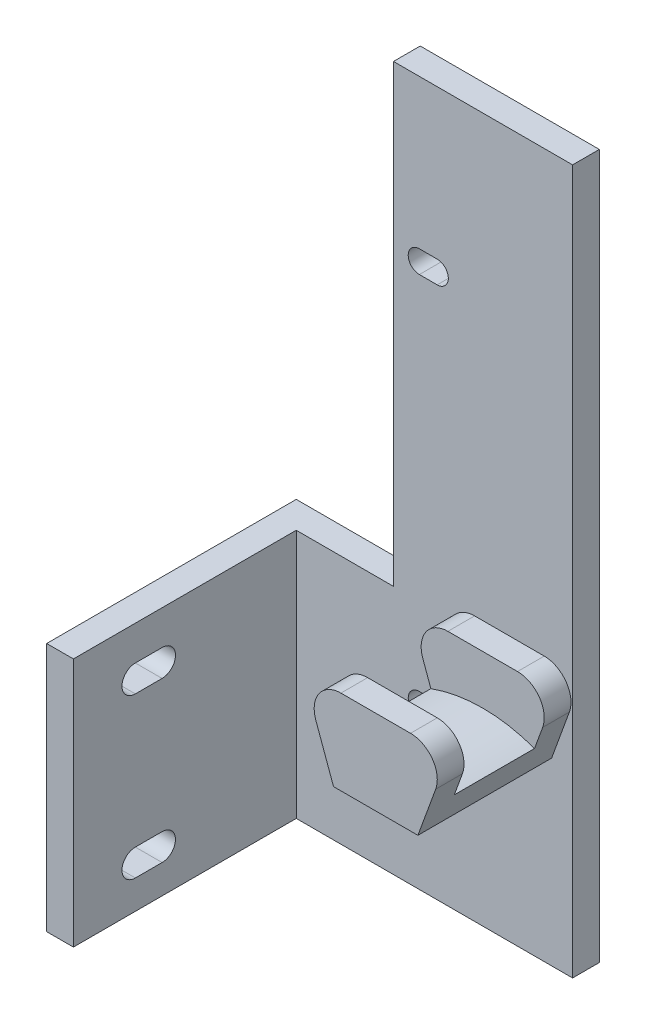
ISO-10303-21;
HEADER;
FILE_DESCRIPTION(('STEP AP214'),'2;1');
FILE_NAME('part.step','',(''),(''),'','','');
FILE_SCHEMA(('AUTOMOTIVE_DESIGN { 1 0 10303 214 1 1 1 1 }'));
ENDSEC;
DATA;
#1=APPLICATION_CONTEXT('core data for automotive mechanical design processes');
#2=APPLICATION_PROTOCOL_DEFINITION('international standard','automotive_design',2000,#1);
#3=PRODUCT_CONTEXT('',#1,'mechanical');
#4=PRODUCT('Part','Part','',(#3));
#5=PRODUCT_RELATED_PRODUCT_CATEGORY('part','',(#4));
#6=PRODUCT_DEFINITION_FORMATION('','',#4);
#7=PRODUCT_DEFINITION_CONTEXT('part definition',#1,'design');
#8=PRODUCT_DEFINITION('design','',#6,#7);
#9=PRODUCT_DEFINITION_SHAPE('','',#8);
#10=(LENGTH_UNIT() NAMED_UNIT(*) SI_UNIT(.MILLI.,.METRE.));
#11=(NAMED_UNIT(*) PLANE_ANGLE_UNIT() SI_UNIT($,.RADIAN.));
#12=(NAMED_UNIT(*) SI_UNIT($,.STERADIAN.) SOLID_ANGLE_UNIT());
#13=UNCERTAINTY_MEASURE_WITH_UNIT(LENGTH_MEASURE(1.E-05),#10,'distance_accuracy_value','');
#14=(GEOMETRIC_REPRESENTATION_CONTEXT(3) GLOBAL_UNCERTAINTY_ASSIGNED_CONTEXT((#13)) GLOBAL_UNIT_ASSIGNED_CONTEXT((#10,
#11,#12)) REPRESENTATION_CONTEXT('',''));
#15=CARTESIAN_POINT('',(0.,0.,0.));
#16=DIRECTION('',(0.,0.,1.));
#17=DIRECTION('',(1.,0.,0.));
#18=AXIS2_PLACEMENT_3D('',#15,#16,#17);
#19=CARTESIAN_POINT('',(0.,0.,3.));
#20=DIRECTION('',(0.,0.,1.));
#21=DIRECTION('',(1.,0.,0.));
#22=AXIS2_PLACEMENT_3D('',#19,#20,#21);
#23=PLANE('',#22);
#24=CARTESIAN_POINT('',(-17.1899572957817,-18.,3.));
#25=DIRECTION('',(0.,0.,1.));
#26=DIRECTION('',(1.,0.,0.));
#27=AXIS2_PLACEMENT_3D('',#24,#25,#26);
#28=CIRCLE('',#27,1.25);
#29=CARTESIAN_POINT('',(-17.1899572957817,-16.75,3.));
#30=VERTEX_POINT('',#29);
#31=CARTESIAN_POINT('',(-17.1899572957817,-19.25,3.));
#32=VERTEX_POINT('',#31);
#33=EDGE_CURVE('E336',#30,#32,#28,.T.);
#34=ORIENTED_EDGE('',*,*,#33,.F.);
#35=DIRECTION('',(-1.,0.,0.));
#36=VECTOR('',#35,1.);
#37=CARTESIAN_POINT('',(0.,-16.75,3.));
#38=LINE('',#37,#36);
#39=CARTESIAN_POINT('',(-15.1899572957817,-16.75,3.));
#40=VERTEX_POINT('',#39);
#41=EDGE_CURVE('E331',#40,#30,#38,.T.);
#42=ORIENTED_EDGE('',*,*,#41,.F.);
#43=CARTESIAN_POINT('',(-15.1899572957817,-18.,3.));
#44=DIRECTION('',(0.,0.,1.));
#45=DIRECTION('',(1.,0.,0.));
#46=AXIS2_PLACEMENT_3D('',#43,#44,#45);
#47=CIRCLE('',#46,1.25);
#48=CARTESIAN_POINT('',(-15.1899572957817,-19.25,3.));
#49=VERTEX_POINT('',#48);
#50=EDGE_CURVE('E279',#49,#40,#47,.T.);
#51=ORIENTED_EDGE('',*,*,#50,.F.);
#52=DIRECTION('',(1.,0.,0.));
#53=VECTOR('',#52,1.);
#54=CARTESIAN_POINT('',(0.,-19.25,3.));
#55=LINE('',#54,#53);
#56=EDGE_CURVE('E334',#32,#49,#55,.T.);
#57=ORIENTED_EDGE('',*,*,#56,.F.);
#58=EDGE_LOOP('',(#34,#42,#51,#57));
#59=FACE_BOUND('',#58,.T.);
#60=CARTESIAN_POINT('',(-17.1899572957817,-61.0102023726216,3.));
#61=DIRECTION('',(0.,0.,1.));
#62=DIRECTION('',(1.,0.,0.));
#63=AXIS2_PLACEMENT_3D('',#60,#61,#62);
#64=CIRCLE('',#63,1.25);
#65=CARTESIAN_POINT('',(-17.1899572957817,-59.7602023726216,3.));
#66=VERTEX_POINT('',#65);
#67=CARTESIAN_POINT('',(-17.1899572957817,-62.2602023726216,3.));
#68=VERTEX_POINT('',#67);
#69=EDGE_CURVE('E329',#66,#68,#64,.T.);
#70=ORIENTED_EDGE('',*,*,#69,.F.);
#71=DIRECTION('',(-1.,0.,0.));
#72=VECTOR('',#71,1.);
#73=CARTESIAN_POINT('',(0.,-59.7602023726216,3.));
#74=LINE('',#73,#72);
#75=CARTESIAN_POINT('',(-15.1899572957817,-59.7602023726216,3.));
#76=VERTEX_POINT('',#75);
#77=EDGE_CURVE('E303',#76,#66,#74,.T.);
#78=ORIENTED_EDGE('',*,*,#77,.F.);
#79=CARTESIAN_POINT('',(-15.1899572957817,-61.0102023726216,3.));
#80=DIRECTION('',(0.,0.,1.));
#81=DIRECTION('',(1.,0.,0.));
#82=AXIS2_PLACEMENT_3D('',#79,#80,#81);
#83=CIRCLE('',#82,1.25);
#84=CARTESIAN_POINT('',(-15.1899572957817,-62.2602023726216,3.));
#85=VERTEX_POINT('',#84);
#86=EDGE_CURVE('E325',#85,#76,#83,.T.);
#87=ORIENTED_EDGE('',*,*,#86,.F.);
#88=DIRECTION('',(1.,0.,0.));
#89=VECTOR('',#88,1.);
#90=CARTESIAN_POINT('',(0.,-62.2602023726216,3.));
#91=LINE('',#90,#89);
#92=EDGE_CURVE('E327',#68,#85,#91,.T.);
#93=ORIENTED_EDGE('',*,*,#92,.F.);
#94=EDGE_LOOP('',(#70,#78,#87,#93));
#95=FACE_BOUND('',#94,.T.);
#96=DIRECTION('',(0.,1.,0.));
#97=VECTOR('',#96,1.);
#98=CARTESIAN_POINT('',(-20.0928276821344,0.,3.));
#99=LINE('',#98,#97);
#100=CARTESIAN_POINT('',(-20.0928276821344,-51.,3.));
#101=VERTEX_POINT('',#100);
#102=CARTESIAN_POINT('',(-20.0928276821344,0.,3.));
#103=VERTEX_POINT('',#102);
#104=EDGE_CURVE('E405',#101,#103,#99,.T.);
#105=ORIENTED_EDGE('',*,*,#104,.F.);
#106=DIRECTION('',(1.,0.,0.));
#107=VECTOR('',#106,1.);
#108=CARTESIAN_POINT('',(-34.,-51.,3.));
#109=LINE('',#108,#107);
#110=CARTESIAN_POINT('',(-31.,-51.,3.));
========================================================================
▶ The task
Look through the data above. Each line containing the word "CIRCLE" needs to be copied.

▶ Response to the task
#28=CIRCLE('',#27,1.25);
#47=CIRCLE('',#46,1.25);
#64=CIRCLE('',#63,1.25);
#83=CIRCLE('',#82,1.25);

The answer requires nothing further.